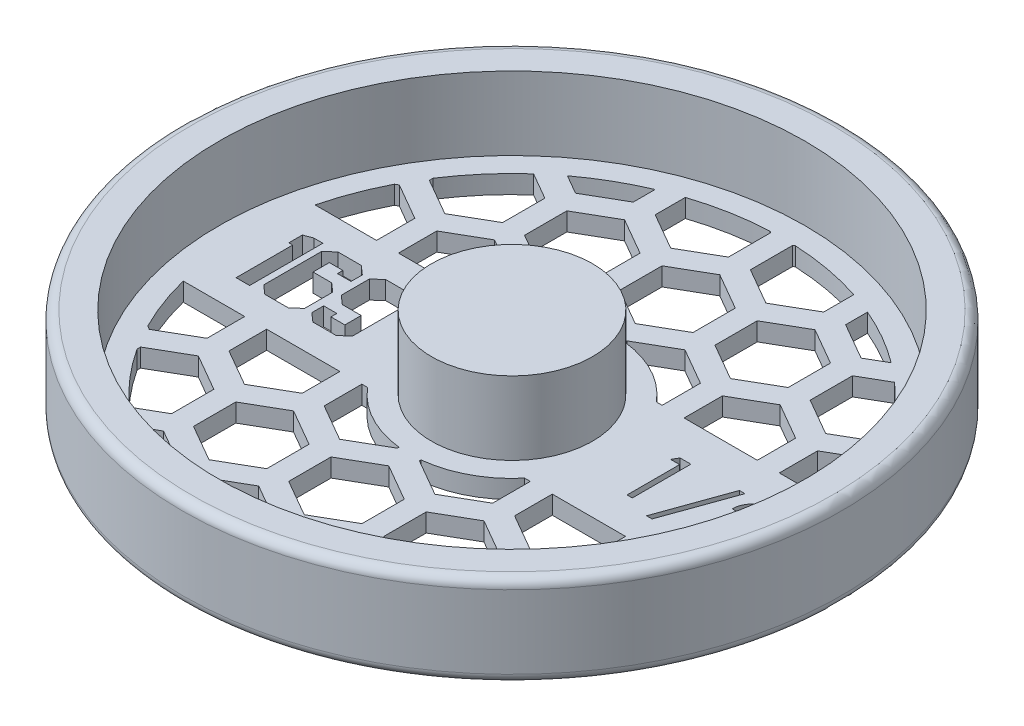
from build123d import *

# Parameters (mm, degrees)
CUT_EXTRUDE2_DEPTH      = 13.7
CUT_EXTRUDE2_DEPTH_BACK = 4.175
CUT_EXTRUDE4_DEPTH      = 13.7
CUT_EXTRUDE4_DEPTH_BACK = 4.1750001


with BuildPart() as part:
    # Sketch1 → Revolve1 (revolve)
    with BuildSketch(Plane.XY):
        with BuildLine():
            Line((0, 0), (0, 15.875))
            Line((0, 15.875), (13.97, 15.875))
            Line((13.97, 15.875), (13.97, 3.175))
            Line((13.97, 3.175), (50.8, 3.175))
            Line((50.8, 3.175), (50.8, 15.875))
            Line((50.8, 15.875), (55.5625, 15.875))
            ThreePointArc((55.5625, 15.875), (56.685032015, 15.410032015), (57.15, 14.2875))
            Line((57.15, 14.2875), (57.15, 1.5875))
            ThreePointArc((57.15, 1.5875), (56.685032015, 0.464967985), (55.5625, 0))
            Line((55.5625, 0), (0, 0))
        make_face()
    revolve(axis=Axis((0, 0, 0), (0, 1, 0)))

    # Sketch3 → Cut-Extrude2 (cut, two sides)
    with BuildSketch(Plane(origin=(0, 3.175, 0), x_dir=(1, 0, 0), z_dir=(0, 1, 0))) as cut_extrude2_sk:
        Polygon((-22.636037344, -5.022991324), (-24.137904564, -6.35), (-28.181208978, -6.35), (-29.68547152, -5.022991324), (-29.68547152, -2.979781215), (-27.397938514, -2.979781215), (-27.397938514, -4.004979253), (-24.978662769, -4.004979253), (-24.978662769, -1.176103357), (-28.253068653, -1.176103357), (-29.750145228, 0.150905319), (-29.750145228, 5.015805356), (-28.253068653, 6.35), (-24.154671822, 6.35), (-22.636037344, 5.008619389), align=None)
        Polygon((-30.945411166, -5.022991324), (-32.449673708, -6.35), (-36.524117314, -6.35), (-38.028379857, -5.022991324), (-38.028379857, 5.015805356), (-36.540884572, 6.35), (-32.473626933, 6.35), (-30.969364391, 5.015805356), (-30.969364391, 3.05164089), (-33.321571105, 3.05164089), (-33.321571105, 4.004979253), (-35.68335911, 4.004979253), (-35.68335911, 1.176103357), (-32.449673708, 1.176103357), (-30.945411166, -0.141324029), align=None)
        Polygon((-39.151786118, -6.35), (-41.496806865, -6.35), (-41.496806865, 3.463636364), (-42.167497171, 3.463636364), (-42.167497171, 5.808657111), (-40.720722369, 6.35), (-39.151786118, 6.35), align=None)
        Polygon((24.058766026, 5.08), (25.937307692, 5.08), (25.937307692, -5.08), (25.025512821, -5.08), (25.025512821, 4.037948718), (23.462435897, 4.037948718), align=None)
        Polygon((35.05525641, 5.340512821), (30.805641026, -6.512820513), (29.845, -6.512820513), (34.094615385, 5.340512821), align=None)
        with BuildLine():
            Line((37.139358974, 1.953846154), (36.227564103, 1.953846154))
            add(Edge.make_bspline(
                [(36.227564103, 1.953846154), (36.233506695, 2.074810788), (36.245177789, 2.31238211), (36.299833623, 2.658762364), (36.378039141, 2.989847152), (36.48861319, 3.302978102), (36.625936557, 3.600923896), (36.790615722, 3.882501085), (36.985669871, 4.146635507), (37.206887133, 4.390878549), (37.447152668, 4.61494304), (37.706395053, 4.808433688), (37.97881376, 4.971915843), (38.263582301, 5.108585962), (38.563913537, 5.211172486), (38.877082062, 5.28729016), (39.204463783, 5.333086638), (39.42751939, 5.338009261), (39.540961538, 5.340512821)],
                knots=[0, 0, 0, 0, 0.000363098, 0.000713115, 0.001050268, 0.001382408, 0.001707501, 0.002033174, 0.002359235, 0.002690688, 0.003020506, 0.003343298, 0.003659183, 0.003972354, 0.004289031, 0.004609402, 0.004938107, 0.005278293, 0.005278293, 0.005278293, 0.005278293], degree=3))
            add(Edge.make_bspline(
                [(39.540961538, 5.340512821), (39.652367605, 5.33790473), (39.871276546, 5.332779925), (40.190770851, 5.288769623), (40.494924368, 5.219839562), (40.783142571, 5.123129668), (41.05312589, 4.993126873), (41.306902499, 4.836960304), (41.547493653, 4.656345022), (41.764066487, 4.443699666), (41.962935654, 4.216689316), (42.134501058, 3.974335859), (42.281423841, 3.724024561), (42.403888649, 3.463846695), (42.494040184, 3.19135251), (42.562484353, 2.910509201), (42.601171931, 2.61840975), (42.607109503, 2.420706149), (42.610128205, 2.320192308)],
                knots=[0, 0, 0, 0, 0.000334086, 0.000656467, 0.000965531, 0.001268675, 0.001566359, 0.001862361, 0.002161551, 0.002466703, 0.002771129, 0.003065925, 0.003355997, 0.003641006, 0.003926769, 0.004215553, 0.004507135, 0.00480869, 0.00480869, 0.00480869, 0.00480869], degree=3))
            add(Edge.make_bspline(
                [(42.610128205, 2.320192308), (42.605212905, 2.178684308), (42.595468561, 1.898151573), (42.512114828, 1.485902715), (42.381931813, 1.086488675), (42.2251852, 0.765034107), (42.067059477, 0.506002022), (41.924565455, 0.292732867), (41.757753317, 0.063100993), (41.564195163, -0.182124649), (41.34789494, -0.444864876), (41.10689346, -0.724960968), (40.839472152, -1.01951902), (40.651777762, -1.22070328), (40.554519231, -1.324951923)],
                knots=[0, 0, 0, 0, 0.000424159, 0.000840875, 0.001256646, 0.001681742, 0.001910017, 0.002166855, 0.002451012, 0.002761254, 0.003103933, 0.003471932, 0.003869646, 0.004297365, 0.004297365, 0.004297365, 0.004297365], degree=3))
            Line((40.554519231, -1.324951923), (38.012483974, -4.037948718))
            Line((38.012483974, -4.037948718), (42.740384615, -4.037948718))
            Line((42.740384615, -4.037948718), (42.740384615, -5.08))
            Line((42.740384615, -5.08), (35.836794872, -5.08))
            Line((35.836794872, -5.08), (39.777051282, -0.875160256))
            add(Edge.make_bspline(
                [(39.777051282, -0.875160256), (39.872984576, -0.775016601), (40.057252801, -0.582661133), (40.317878796, -0.301830141), (40.551962259, -0.041300045), (40.761018462, 0.198436907), (40.940512295, 0.420887401), (41.099798545, 0.618846883), (41.227424375, 0.801014088), (41.365935352, 1.012169698), (41.500087938, 1.269979168), (41.615367235, 1.585036963), (41.68565948, 1.909365216), (41.694091803, 2.128536844), (41.698333333, 2.238782051)],
                knots=[0, 0, 0, 0, 0.000416034, 0.000799117, 0.001149329, 0.001466777, 0.001753177, 0.002006834, 0.002228761, 0.00242014, 0.002764237, 0.003097746, 0.003424264, 0.003754734, 0.003754734, 0.003754734, 0.003754734], degree=3))
            add(Edge.make_bspline(
                [(41.698333333, 2.238782051), (41.696487864, 2.308106339), (41.692850799, 2.444731199), (41.660751883, 2.645045059), (41.612243671, 2.838273204), (41.542734008, 3.025009996), (41.450984156, 3.203377946), (41.339301431, 3.373594174), (41.210443418, 3.538154142), (41.061378019, 3.692450573), (40.897623436, 3.833765158), (40.724629843, 3.958948217), (40.541604397, 4.063564607), (40.349318785, 4.149325159), (40.14830908, 4.21659998), (39.938186506, 4.263215742), (39.719531647, 4.292483752), (39.570227557, 4.296443749), (39.494150641, 4.298461538)],
                knots=[0, 0, 0, 0, 0.000207845, 0.000409623, 0.000607075, 0.000804788, 0.001005949, 0.001207481, 0.001414728, 0.001632081, 0.001849968, 0.002062903, 0.002271673, 0.002481215, 0.002693605, 0.002906413, 0.003126042, 0.003354217, 0.003354217, 0.003354217, 0.003354217], degree=3))
            add(Edge.make_bspline(
                [(39.494150641, 4.298461538), (39.414697024, 4.296385902), (39.258663238, 4.292309695), (39.02957256, 4.263795904), (38.811028703, 4.21460455), (38.602481921, 4.147325976), (38.403579352, 4.061812017), (38.215288299, 3.955301124), (38.038031455, 3.828203898), (37.871475604, 3.684104454), (37.718019025, 3.523670503), (37.583190379, 3.344825582), (37.465380784, 3.150835142), (37.362592838, 2.942222618), (37.279119177, 2.717095074), (37.215334261, 2.476251679), (37.164862728, 2.220738183), (37.148001423, 2.044287766), (37.139358974, 1.953846154)],
                knots=[0, 0, 0, 0, 0.000238342, 0.000468065, 0.000691248, 0.000909439, 0.00112457, 0.001339654, 0.001557083, 0.001777841, 0.001999544, 0.002221797, 0.002448333, 0.00267953, 0.002918453, 0.003167288, 0.003426342, 0.003698747, 0.003698747, 0.003698747, 0.003698747], degree=3))
        make_face()
    extrude(amount=CUT_EXTRUDE2_DEPTH, mode=Mode.SUBTRACT)
    extrude(cut_extrude2_sk.sketch, amount=-CUT_EXTRUDE2_DEPTH_BACK, mode=Mode.SUBTRACT)

    # Sketch4 → Cut-Extrude4 (cut, two sides)
    with BuildSketch(Plane(origin=(0, 3.175, 0), x_dir=(1, 0, 0), z_dir=(0, 1, 0))) as cut_extrude4_sk:
        with BuildLine():
            Line((-45.57867045, 11.43), (-34.925, 11.43))
            Line((-34.925, 11.43), (-34.925, 18.070094793))
            Line((-34.925, 18.070094793), (-41.275, 21.736269002))
            Line((-41.275, 21.736269002), (-41.824450692, 21.419043498))
            ThreePointArc((-41.824450692, 21.419043498), (-43.986039192, 16.531438418), (-45.57867045, 11.43))
        make_face()
        Polygon((-31.115, 11.43), (-18.415, 11.43), (-18.415, 18.070094793), (-24.765, 21.736269002), (-31.115, 18.070094793), align=None)
        with BuildLine():
            ThreePointArc((-31.304627771, 35.043977801), (-35.647925291, 30.61511918), (-39.37, 25.652742543))
            Line((-39.37, 25.652742543), (-39.37, 25.035825791))
            Line((-39.37, 25.035825791), (-33.02, 21.369651581))
            Line((-33.02, 21.369651581), (-26.67, 25.035825791))
            Line((-26.67, 25.035825791), (-26.67, 32.368174209))
            Line((-26.67, 32.368174209), (-31.304627771, 35.043977801))
        make_face()
        with BuildLine():
            ThreePointArc((-18.415, 43.231329785), (-23.408586329, 40.744302498), (-28.072243454, 37.683010063))
            Line((-28.072243454, 37.683010063), (-24.765, 35.773572165))
            Line((-24.765, 35.773572165), (-18.415, 39.439746374))
            Line((-18.415, 39.439746374), (-18.415, 43.231329785))
        make_face()
        Polygon((-16.51, 36.034348419), (-22.86, 32.368174209), (-22.86, 25.035825791), (-16.51, 21.369651581), (-10.16, 25.035825791), (-10.16, 32.368174209), align=None)
        with BuildLine():
            Line((-1.905, 46.772094793), (-2.193684728, 46.938766998))
            ThreePointArc((-2.193684728, 46.938766998), (-8.476090298, 46.21921671), (-14.605, 44.662669815))
            Line((-14.605, 44.662669815), (-14.605, 39.439746374))
            Line((-14.605, 39.439746374), (-8.255, 35.773572165))
            Line((-8.255, 35.773572165), (-1.905, 39.439746374))
            Line((-1.905, 39.439746374), (-1.905, 46.772094793))
        make_face()
        Polygon((-6.35, 25.035825791), (0, 21.369651581), (6.35, 25.035825791), (6.35, 32.368174209), (0, 36.034348419), (-6.35, 32.368174209), align=None)
        with BuildLine():
            ThreePointArc((-13.619232724, 11.43), (-8.367122494, 15.688201336), (-1.905, 17.677651852))
            Line((-1.905, 17.677651852), (-1.905, 18.070094793))
            Line((-1.905, 18.070094793), (-8.255, 21.736269002))
            Line((-8.255, 21.736269002), (-14.605, 18.070094793))
            Line((-14.605, 18.070094793), (-14.605, 11.43))
            Line((-14.605, 11.43), (-13.619232724, 11.43))
        make_face()
        with BuildLine():
            ThreePointArc((1.905, 17.677651852), (8.367122494, 15.688201336), (13.619232724, 11.43))
            Line((13.619232724, 11.43), (14.605, 11.43))
            Line((14.605, 11.43), (14.605, 18.070094793))
            Line((14.605, 18.070094793), (8.255, 21.736269002))
            Line((8.255, 21.736269002), (1.905, 18.070094793))
            Line((1.905, 18.070094793), (1.905, 17.677651852))
        make_face()
        with BuildLine():
            Line((14.605, 39.439746374), (14.605, 44.662669815))
            ThreePointArc((14.605, 44.662669815), (8.476090298, 46.21921671), (2.193684728, 46.938766998))
            Line((2.193684728, 46.938766998), (1.905, 46.772094793))
            Line((1.905, 46.772094793), (1.905, 39.439746374))
            Line((1.905, 39.439746374), (8.255, 35.773572165))
            Line((8.255, 35.773572165), (14.605, 39.439746374))
        make_face()
        Polygon((16.51, 36.034348419), (10.16, 32.368174209), (10.16, 25.035825791), (16.51, 21.369651581), (22.86, 25.035825791), (22.86, 32.368174209), align=None)
        with BuildLine():
            Line((24.765, 35.773572165), (28.072243454, 37.683010063))
            ThreePointArc((28.072243454, 37.683010063), (23.408586329, 40.744302498), (18.415, 43.231329785))
            Line((18.415, 43.231329785), (18.415, 39.439746374))
            Line((18.415, 39.439746374), (24.765, 35.773572165))
        make_face()
        with BuildLine():
            Line((39.37, 25.035825791), (39.37, 25.652742543))
            ThreePointArc((39.37, 25.652742543), (35.647925291, 30.61511918), (31.304627771, 35.043977801))
            Line((31.304627771, 35.043977801), (26.67, 32.368174209))
            Line((26.67, 32.368174209), (26.67, 25.035825791))
            Line((26.67, 25.035825791), (33.02, 21.369651581))
            Line((33.02, 21.369651581), (39.37, 25.035825791))
        make_face()
        Polygon((18.415, 18.070094793), (18.415, 11.43), (31.115, 11.43), (31.115, 18.070094793), (24.765, 21.736269002), align=None)
        with BuildLine():
            Line((34.925, 18.070094793), (34.925, 11.43))
            Line((34.925, 11.43), (45.57867045, 11.43))
            ThreePointArc((45.57867045, 11.43), (43.986039192, 16.531438418), (41.824450692, 21.419043498))
            Line((41.824450692, 21.419043498), (41.275, 21.736269002))
            Line((41.275, 21.736269002), (34.925, 18.070094793))
        make_face()
        with BuildLine():
            Line((45.57867045, -11.43), (34.925, -11.43))
            Line((34.925, -11.43), (34.925, -17.964253626))
            Line((34.925, -17.964253626), (41.275, -21.630427835))
            Line((41.275, -21.630427835), (41.900926719, -21.269048875))
            ThreePointArc((41.900926719, -21.269048875), (44.01558475, -16.452610707), (45.57867045, -11.43))
        make_face()
        Polygon((31.115, -11.43), (18.415, -11.43), (18.415, -17.964253626), (24.765, -21.630427835), (31.115, -17.964253626), align=None)
        with BuildLine():
            Line((14.605, -11.43), (13.619232724, -11.43))
            ThreePointArc((13.619232724, -11.43), (8.367122494, -15.688201336), (1.905, -17.677651852))
            Line((1.905, -17.677651852), (1.905, -17.964253626))
            Line((1.905, -17.964253626), (8.255, -21.630427835))
            Line((8.255, -21.630427835), (14.605, -17.964253626))
            Line((14.605, -17.964253626), (14.605, -11.43))
        make_face()
        with BuildLine():
            ThreePointArc((31.304627771, -35.043977801), (35.647925291, -30.61511918), (39.37, -25.652742543))
            Line((39.37, -25.652742543), (39.37, -25.035825791))
            Line((39.37, -25.035825791), (33.02, -21.369651581))
            Line((33.02, -21.369651581), (26.67, -25.035825791))
            Line((26.67, -25.035825791), (26.67, -32.368174209))
            Line((26.67, -32.368174209), (31.304627771, -35.043977801))
        make_face()
        with BuildLine():
            ThreePointArc((18.415, -43.231329785), (23.451826011, -40.719429721), (28.152186338, -37.623323942))
            Line((28.152186338, -37.623323942), (24.765, -35.667730998))
            Line((24.765, -35.667730998), (18.415, -39.333905207))
            Line((18.415, -39.333905207), (18.415, -43.231329785))
        make_face()
        Polygon((16.51, -21.369651581), (10.16, -25.035825791), (10.16, -32.368174209), (16.51, -36.034348419), (22.86, -32.368174209), (22.86, -25.035825791), align=None)
        with BuildLine():
            ThreePointArc((2.362789552, -46.930558547), (8.559339951, -46.203872128), (14.605, -44.662669815))
            Line((14.605, -44.662669815), (14.605, -39.333905207))
            Line((14.605, -39.333905207), (8.255, -35.667730998))
            Line((8.255, -35.667730998), (1.905, -39.333905207))
            Line((1.905, -39.333905207), (1.905, -46.666253626))
            Line((1.905, -46.666253626), (2.362789552, -46.930558547))
        make_face()
        Polygon((-6.35, -32.368174209), (0, -36.034348419), (6.35, -32.368174209), (6.35, -25.035825791), (0, -21.369651581), (-6.35, -25.035825791), align=None)
        with BuildLine():
            ThreePointArc((-14.605, -44.662669815), (-8.559339951, -46.203872128), (-2.362789552, -46.930558547))
            Line((-2.362789552, -46.930558547), (-1.905, -46.666253626))
            Line((-1.905, -46.666253626), (-1.905, -39.333905207))
            Line((-1.905, -39.333905207), (-8.255, -35.667730998))
            Line((-8.255, -35.667730998), (-14.605, -39.333905207))
            Line((-14.605, -39.333905207), (-14.605, -44.662669815))
        make_face()
        Polygon((-16.51, -21.369651581), (-22.86, -25.035825791), (-22.86, -32.368174209), (-16.51, -36.034348419), (-10.16, -32.368174209), (-10.16, -25.035825791), align=None)
        with BuildLine():
            Line((-24.765, -35.667730998), (-28.152186338, -37.623323942))
            ThreePointArc((-28.152186338, -37.623323942), (-23.451826011, -40.719429721), (-18.415, -43.231329785))
            Line((-18.415, -43.231329785), (-18.415, -39.333905207))
            Line((-18.415, -39.333905207), (-24.765, -35.667730998))
        make_face()
        with BuildLine():
            Line((-39.37, -25.035825791), (-39.37, -25.652742543))
            ThreePointArc((-39.37, -25.652742543), (-35.647925291, -30.61511918), (-31.304627771, -35.043977801))
            Line((-31.304627771, -35.043977801), (-26.67, -32.368174209))
            Line((-26.67, -32.368174209), (-26.67, -25.035825791))
            Line((-26.67, -25.035825791), (-33.02, -21.369651581))
            Line((-33.02, -21.369651581), (-39.37, -25.035825791))
        make_face()
        with BuildLine():
            Line((-34.925, -17.964253626), (-34.925, -11.43))
            Line((-34.925, -11.43), (-45.57867045, -11.43))
            ThreePointArc((-45.57867045, -11.43), (-44.01558475, -16.452610707), (-41.900926719, -21.269048875))
            Line((-41.900926719, -21.269048875), (-41.275, -21.630427835))
            Line((-41.275, -21.630427835), (-34.925, -17.964253626))
        make_face()
        Polygon((-18.415, -17.964253626), (-18.415, -11.43), (-31.115, -11.43), (-31.115, -17.964253626), (-24.765, -21.630427835), align=None)
        with BuildLine():
            Line((-1.905, -17.964253626), (-1.905, -17.677651852))
            ThreePointArc((-1.905, -17.677651852), (-8.367122494, -15.688201336), (-13.619232724, -11.43))
            Line((-13.619232724, -11.43), (-14.605, -11.43))
            Line((-14.605, -11.43), (-14.605, -17.964253626))
            Line((-14.605, -17.964253626), (-8.255, -21.630427835))
            Line((-8.255, -21.630427835), (-1.905, -17.964253626))
        make_face()
    extrude(amount=CUT_EXTRUDE4_DEPTH, mode=Mode.SUBTRACT)
    extrude(cut_extrude4_sk.sketch, amount=-CUT_EXTRUDE4_DEPTH_BACK, mode=Mode.SUBTRACT)


solid = part.part

Task to carry out:
Copy the lines above exactly, beginning at the line that has "Line((14.605, -39.333905207), (8.255, -35.667730998))" and stopping after the line that has "Line((-24.765, -35.667730998), (-28.152186338, -37.623323942))", and omit the rest.

The completed task:
            Line((14.605, -39.333905207), (8.255, -35.667730998))
            Line((8.255, -35.667730998), (1.905, -39.333905207))
            Line((1.905, -39.333905207), (1.905, -46.666253626))
            Line((1.905, -46.666253626), (2.362789552, -46.930558547))
        make_face()
        Polygon((-6.35, -32.368174209), (0, -36.034348419), (6.35, -32.368174209), (6.35, -25.035825791), (0, -21.369651581), (-6.35, -25.035825791), align=None)
        with BuildLine():
            ThreePointArc((-14.605, -44.662669815), (-8.559339951, -46.203872128), (-2.362789552, -46.930558547))
            Line((-2.362789552, -46.930558547), (-1.905, -46.666253626))
            Line((-1.905, -46.666253626), (-1.905, -39.333905207))
            Line((-1.905, -39.333905207), (-8.255, -35.667730998))
            Line((-8.255, -35.667730998), (-14.605, -39.333905207))
            Line((-14.605, -39.333905207), (-14.605, -44.662669815))
        make_face()
        Polygon((-16.51, -21.369651581), (-22.86, -25.035825791), (-22.86, -32.368174209), (-16.51, -36.034348419), (-10.16, -32.368174209), (-10.16, -25.035825791), align=None)
        with BuildLine():
            Line((-24.765, -35.667730998), (-28.152186338, -37.623323942))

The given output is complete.